We’ve all been there: your new AI feature goes live, and within hours, you’re either staring at a 429 Too Many Requests from Anthropic or OpenAI, or an email warning about your credit card limit. The problem isn't just about preventing abuse; it's about managing provider limits and ensuring fair access. A single user hitting your /summarize endpoint with 50,000-token documents can exhaust your entire quota, blocking legitimate users and costing a fortune. We quickly learned that robust rate limiting isn't an afterthought; it's fundamental to shipping production AI.
Most teams initially skip rate limiting entirely, or implement a basic, global throttle. They might set a simple X requests/minute across the whole service. This seems reasonable at first. You're deploying fast, you want to see if the feature has traction. The issue is it's a blunt instrument. A global limit means one active user can consume the entire budget, effectively enacting a denial-of-service for everyone else. It doesn't account for varying request costs (a short prompt vs. a multi-document RAG query). And it certainly doesn't help when your provider limits are structured per-key, per-user, or per-project, rather than matching your global service limit.

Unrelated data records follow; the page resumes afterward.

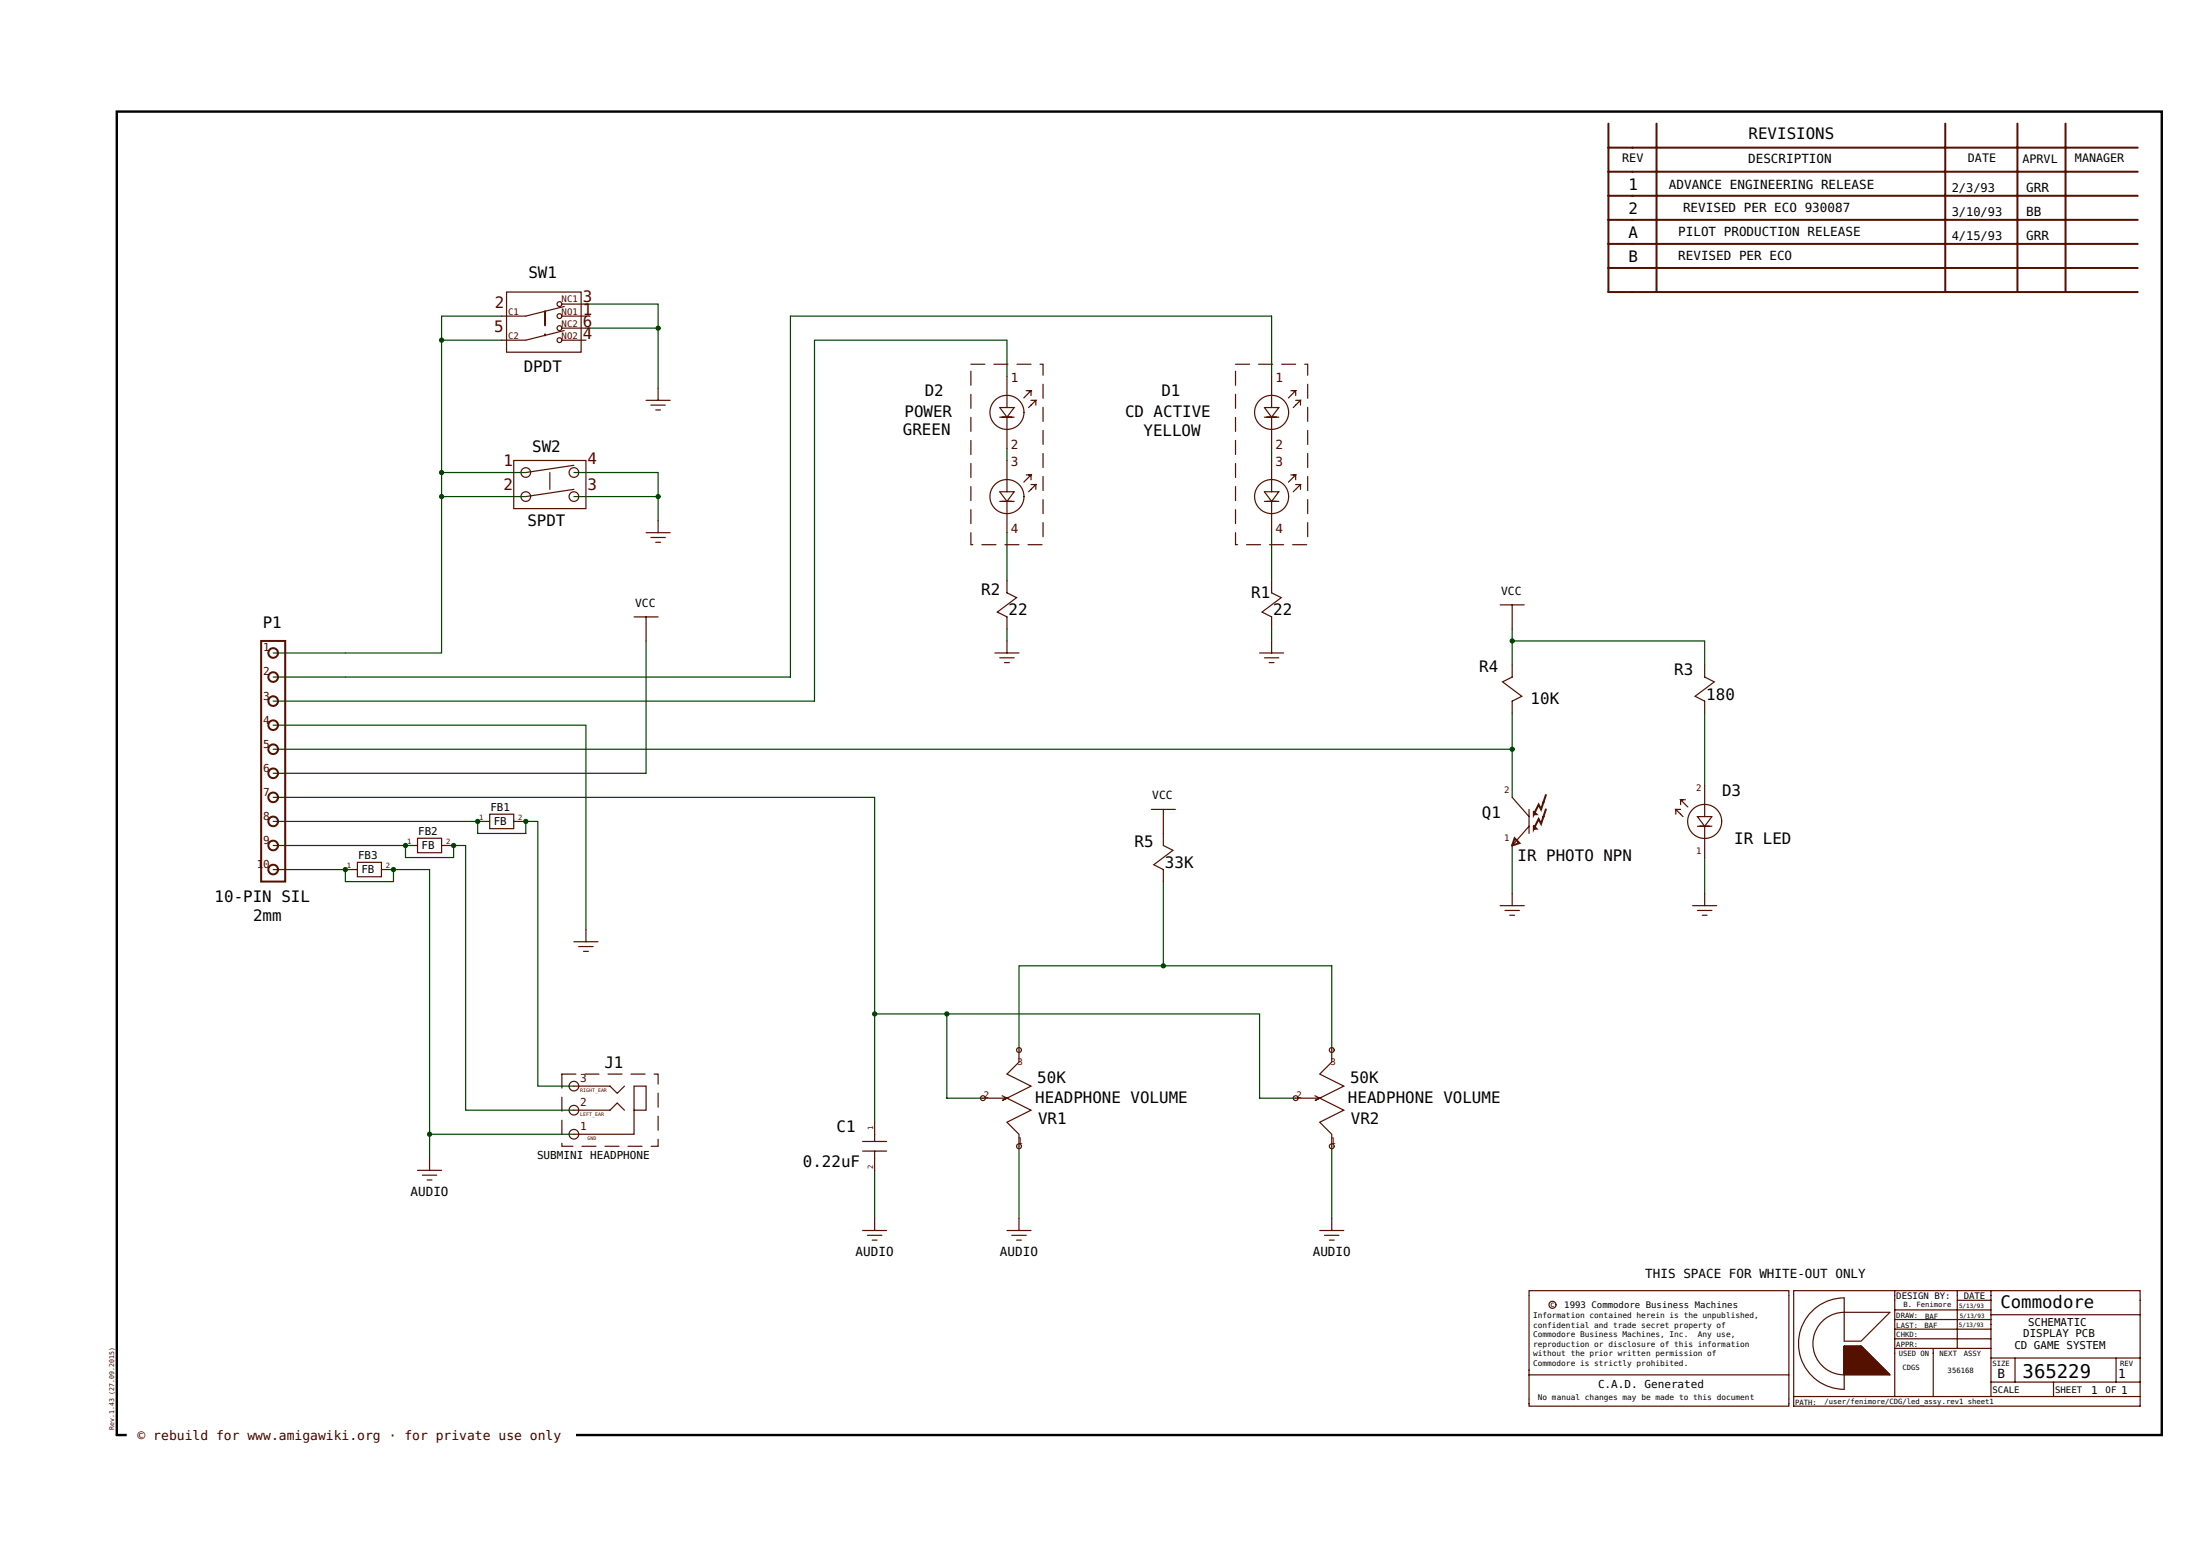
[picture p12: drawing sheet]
<svg xmlns="http://www.w3.org/2000/svg" width="420mm" height="297mm" viewBox="0 0 420 297" stroke-linecap="round" stroke-linejoin="round" font-family="sans-serif">
<g fill="#fff" stroke="#fff" stroke-width=".19">
<path d="M22.3 21.3h390.4v252.6h-390.4z"/>
<path d="M24.3 272.3h85.6v3h-85.6z"/>
</g>
<path d="M22.3 21.3h390.4v252.6h-390.4z" fill="none" stroke="#000" stroke-width=".46"/>
<g fill="none" stroke="#040" stroke-width=".23">
<path d="M111.9 58h13.7v16.1M84.3 64.9h11.5M95.8 60.3h-11.5v64.3h-32.1M111.9 62.6h13.7M192.2 71.8v-6.9h-36.7v68.9h-103.3M242.8 71.8v-11.5h-91.9v68.9h-98.7M84.3 90.2h16.1M84.3 94.8h16.1M109.6 90.2h16v9.2M109.6 94.8h16M192.2 85.6v2.3M242.8 85.6v2.3"/>
<path d="M192.2 101.7v9.2M242.8 101.7v9.2M52.2 138.4h59.7v39.1M123.3 122.3v25.3h-71.1M192.2 120v2.3M242.8 120v2.3M288.7 122.3h36.7v4.6M288.7 120v6.9M288.7 136.1v16.1M325.4 136.1v13.8M52.2 156.8h39v2.3h9.2v-2.3h2.3v50.5h6.9M52.2 152.2h114.8v62"/>
<path d="M52.2 143h236.5M52.2 161.4h25.2v2.3h9.2v-2.3h2.3v50.5h20.7M52.2 166h13.7v2.3h9.2v-2.3h6.9v55.1M222.1 168.3v16h-27.6v16.1M288.7 161.4v9.2M325.4 163.7v6.9M167 193.5h13.8M180.8 193.5h59.7v16.1h6.9M180.8 193.5v16.1h6.8M222.1 184.3h32.1v16.1M82 216.5h27.6M194.5 218.8v13.8"/>
<path d="M254.2 218.8v13.8M167 223.4v9.2"/>
</g>
<g fill="#040" stroke="#040" stroke-width=".23">
<circle cx="91.2" cy="156.8" r=".38"/>
<circle cx="100.4" cy="156.8" r=".38"/>
<circle cx="82" cy="216.5" r=".38"/>
<circle cx="84.3" cy="64.9" r=".38"/>
<circle cx="288.7" cy="143" r=".38"/>
<circle cx="86.6" cy="161.4" r=".38"/>
<circle cx="288.7" cy="122.3" r=".38"/>
<circle cx="167" cy="193.5" r=".38"/>
<circle cx="222.1" cy="184.3" r=".38"/>
<circle cx="77.4" cy="161.4" r=".38"/>
<circle cx="75.1" cy="166" r=".38"/>
<circle cx="65.9" cy="166" r=".38"/>
<circle cx="125.6" cy="62.6" r=".38"/>
<circle cx="180.8" cy="193.5" r=".38"/>
<circle cx="84.3" cy="90.2" r=".38"/>
<circle cx="84.3" cy="94.8" r=".38"/>
<circle cx="125.6" cy="94.8" r=".38"/>
</g>
<g fill="none" stroke="#510" stroke-width=".38">
<path d="M307.1 23.6v32.1h87.2v-4.5h13.8M316.2 23.6v32.1M371.4 23.6v32.1M385.1 23.6v32.1M394.3 23.6v4.6h-87.2M408.1 32.8h-13.8v4.6h-87.2M408.1 37.4h-13.8v4.6h-87.2M408.1 28.2h-13.8v4.6h-87.2M394.3 55.7h13.8M408.1 42h-13.8v4.6h-87.2M408.1 46.6h-13.8v4.6h-87.2M49.9 122.3h4.5v46h-4.5z"/>
<path d="M295.1 151.7l-.9 2.8-.5-.9-.9 1.8v-.4l.5 .4h-.5M295.1 154.5l-.9 2.7-.5-.9-.9 1.9v-.5l.5 .5h-.5M289.2 160l.9 .9-1.4 .5z"/>
<circle cx="52.2" cy="129.2" r=".92"/>
<circle cx="52.2" cy="124.6" r=".92"/>
<circle cx="52.2" cy="138.4" r=".92"/>
<circle cx="52.2" cy="133.8" r=".92"/>
<circle cx="52.2" cy="152.2" r=".92"/>
<circle cx="52.2" cy="147.6" r=".92"/>
<circle cx="52.2" cy="156.8" r=".92"/>
<circle cx="52.2" cy="143" r=".92"/>
<circle cx="52.2" cy="161.4" r=".92"/>
<circle cx="52.2" cy="166" r=".92"/>
</g>
<g fill="none" stroke="#510" stroke-width=".23">
<path d="M96.7 55.7h14.2v11.5h-14.2zM107.3 58h4.6M107.7 58.5l-7.3 1.8h-4.6M107.3 60.3h4.6M107.3 64.9h4.6M107.3 62.6h4.6M107.7 63.1l-7.3 1.8h-4.6M123.3 76.4h4.6M124.3 77.3h2.7M125.2 78.2h.9M125.6 74.1v2.3M190.9 77.8h2.7l-1.4 1.8z"/>
<path d="M190.9 79.6h2.7M192.2 71.8v6M192.2 79.6v6M195.9 74.6h.9v.9M196.4 74.6h.4l-1.3 1.4M196.8 76.4h.9l-1.3 1.4M197.7 76.4v.9M241.4 77.8h2.7l-1.3 1.8zM241.4 79.6h2.7M242.8 71.8v6M242.8 79.6v6M246.4 74.6h1v.9"/>
<path d="M246.9 74.6h.5l-1.4 1.4M247.4 76.4h.9l-1.4 1.4M248.3 76.4v.9M98.1 87.9h13.8v9.2h-13.8zM105 90.2v3.2M109.6 88.8l-9.2 1.4M109.6 93.4l-9.2 1.4M125.6 99.4v2.3M190.9 93.9h2.7l-1.4 1.8zM190.9 95.7h2.7M192.2 87.9v6M192.2 95.7v6"/>
<path d="M195.9 90.7h.9v.9M196.4 90.7h.4l-1.3 1.3M196.8 92.5h.9l-1.3 1.4M197.7 92.5v.9M241.4 93.9h2.7l-1.3 1.8zM241.4 95.7h2.7M242.8 87.9v6M242.8 95.7v6M246.4 90.7h1v.9M246.9 90.7h.5l-1.4 1.3M247.4 92.5h.9l-1.4 1.4M248.3 92.5v.9"/>
<path d="M121 117.7h4.6M123.3 117.7v4.6M123.3 101.7h4.6M124.3 102.6h2.7M125.2 103.5h.9M192.2 110.9v2.3l1.9 .9-3.7 2.7 1.8 .9v2.3M242.8 110.9v2.3l1.8 .9-3.7 2.7 1.9 .9v2.3M286.4 115.5h4.6M288.7 115.5v4.5M189.9 124.6h4.6M190.9 125.6h2.7M191.8 126.5h.9"/>
<path d="M192.2 122.3v2.3M240.5 124.6h4.6M241.4 125.6h2.7M242.3 126.5h.9M242.8 122.3v2.3M288.7 126.9v2.3l-1.8 1 3.6 2.7-1.8 .9v2.3M325.4 126.9v2.3l1.9 1-3.7 2.7 1.8 .9v2.3M91.2 156.8h2.3M93.5 155.4h4.6v2.8h-4.6zM98.1 156.8h2.3M219.8 154.5h4.6M222.1 154.5v6.9l1.8 .9-3.6 2.8 1.8 .9v2.3"/>
<path d="M288.7 152.2l3.2 3.7M291.9 154.5v4.6M291.9 157.7l-3.2 3.7M319.9 154.5v.9M320.8 154.5h-.9l1.4 1.4M321.3 152.7h-.5l1.4 1.3M321.8 152.7h-1v.9M324.1 155.9h2.7l-1.4 1.8zM324.1 157.7h2.7M325.4 149.9v6M325.4 157.7v6M65.9 166h2.3"/>
<path d="M68.2 164.6h4.6v2.8h-4.6zM72.8 166h2.3M77.4 161.4h2.3M79.7 160h4.6v2.8h-4.6zM84.3 161.4h2.3M109.6 179.8h4.6M111.9 177.5v2.3M286.4 172.9h4.6M287.3 173.8h2.8M288.2 174.7h1M288.7 170.6v2.3M323.1 172.9h4.6"/>
<path d="M324.1 173.8h2.7M325 174.7h.9M325.4 170.6v2.3M110.5 180.7h2.7M111.4 181.6h.9M109.6 207.3h6.9l1.3 1.4 1.4-1.4M109.6 211.9h6.9l1.3-1.4 1.4 1.4M121 211.9h2.3v-4.6h-2.3v9.2h-11.4M164.7 217.9h4.6M164.7 219.7h4.6M167 214.2v3.7M167 219.7v3.7"/>
<path d="M191.3 209.2l.9 .4-.9 .5 .9-.5h-4.6M194.5 200.4v2.3l-2.3 2.3 4.6 2.3-4.6 2.3 4.6 2.3-4.6 2.3 2.3 2.3v2.3M251 209.2l.9 .4-.9 .5 .9-.5h-4.5M254.2 200.4v2.3l-2.3 2.3 4.6 2.3-4.6 2.3 4.6 2.3-4.6 2.3 2.3 2.3v2.3M79.7 223.4h4.6M80.6 224.3h2.8M81.5 225.2h1M82 221.1v2.3M164.7 234.9h4.6M165.6 235.8h2.8M166.5 236.7h.9M167 232.6v2.3"/>
<path d="M192.2 234.9h4.6M193.2 235.8h2.7M194.1 236.7h.9M194.5 232.6v2.3M251.9 234.9h4.6M252.9 235.8h2.7M253.8 236.7h.9M254.2 232.6v2.3M345.9 250.3a8.7 8.7 0 0 0-1.9 9.5 8.7 8.7 0 0 0 8.1 5.4v-8.3h3.2l5.5 5.5h-8.7a6 6 0 0 1-6-5.9 6 6 0 0 1 6-6h8.7l-5.5 5.5h-3.2v-8.3a8.7 8.7 0 0 0-6.2 2.6zM352.1 259.2h5.5M352.1 257.4h3.6M352.1 257.8h4.1"/>
<path d="M352.1 258.3h4.6M352.1 258.8h5M352.1 259.7h5.9M352.1 257.1h3.4M352.1 257.6h3.9M352.1 258.1h4.3M352.1 258.5h4.8M352.1 259h5.3M352.1 259.4h5.7M352.1 259.9h6.2M352.1 257h3.3M352.1 257.1h3.3"/>
<path d="M352.1 257.2h3.5M352.1 257.3h3.6M352.1 257.5h3.7M352.1 257.5h3.8M352.1 257.7h4M352.1 257.8h4M352.1 257.9h4.2M352.1 258h4.3M352.1 258.1h4.4M352.1 258.2h4.5M352.1 258.4h4.6M352.1 258.4h4.7"/>
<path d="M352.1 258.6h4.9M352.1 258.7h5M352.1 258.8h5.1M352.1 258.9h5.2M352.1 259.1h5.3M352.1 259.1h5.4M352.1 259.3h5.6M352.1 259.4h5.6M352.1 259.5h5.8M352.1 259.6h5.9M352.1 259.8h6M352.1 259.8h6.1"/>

At Dainty, we implement a multi-layered approach: per-user rate limiting, cost-based throttling, and queue-based burst handling, often fronted by an API gateway like Kong or a custom proxy. For per-user limits, we rely on Redis. Each user has a sliding window or a token bucket. For example, for our Ghost Writer service, a user might be allowed 10 requests per minute and 100 requests per hour. We store user_id:timestamps in a Redis list or a sorted set, pruning old entries. For cost-based throttling, we track estimated token usage. Before making an LLM call, we estimate input tokens, add a buffer for output, and check if the user's current token budget (also in Redis) would be exceeded. If it is, the request is rejected or pushed to a queue. For example, a "premium" user might get 10,000 tokens per minute, while a "free" user gets 1,000. This is crucial for controlling spend on services like BrightPath, where query complexity varies wildly. When limits are hit, we don't just fail immediately. High-priority requests (e.g., from paid users) might bypass a queue, while others go into a Celery or RabbitMQ queue for asynchronous processing, providing a better user experience than an immediate 429. This allows us to handle traffic spikes gracefully without dropping requests or blowing our budget.
This robust approach isn't a silver bullet. The complexity of managing multiple Redis keys, token buckets, and a message queue adds operational overhead. For a small, internal tool with minimal traffic, a simple global rate limiter (or even none) might be sufficient. Building out cost-based throttling requires careful estimation of token usage, which isn't always perfectly accurate, especially with dynamic prompt templates or agentic workflows. Provider costs change, and your internal cost models need to keep pace. When we built AutoArchive Mail, the initial token cost estimates were off by 15% in production due to unexpected API response variations, requiring a quick adjustment to our throttling logic. Also, a queue-based system introduces latency, which might be unacceptable for real-time user-facing features. If you're wrestling with these scaling challenges, we help teams like yours build robust AI infrastructure. Consider starting a project with us.
Start by implementing a simple per-user rate limit using a sliding window in Redis. For instance, allow 5 requests per minute per user. If you're using Python, redis-py makes this straightforward with its incr and expire commands, combined with a quick check of the count within the window. Then, integrate a basic token cost estimate into your prompt functions; just multiply your input_tokens by a rough per-token cost and add a buffer for output. This immediate step will prevent the most common failure mode: a single user exhausting your entire provider quota and bringing your service to a halt.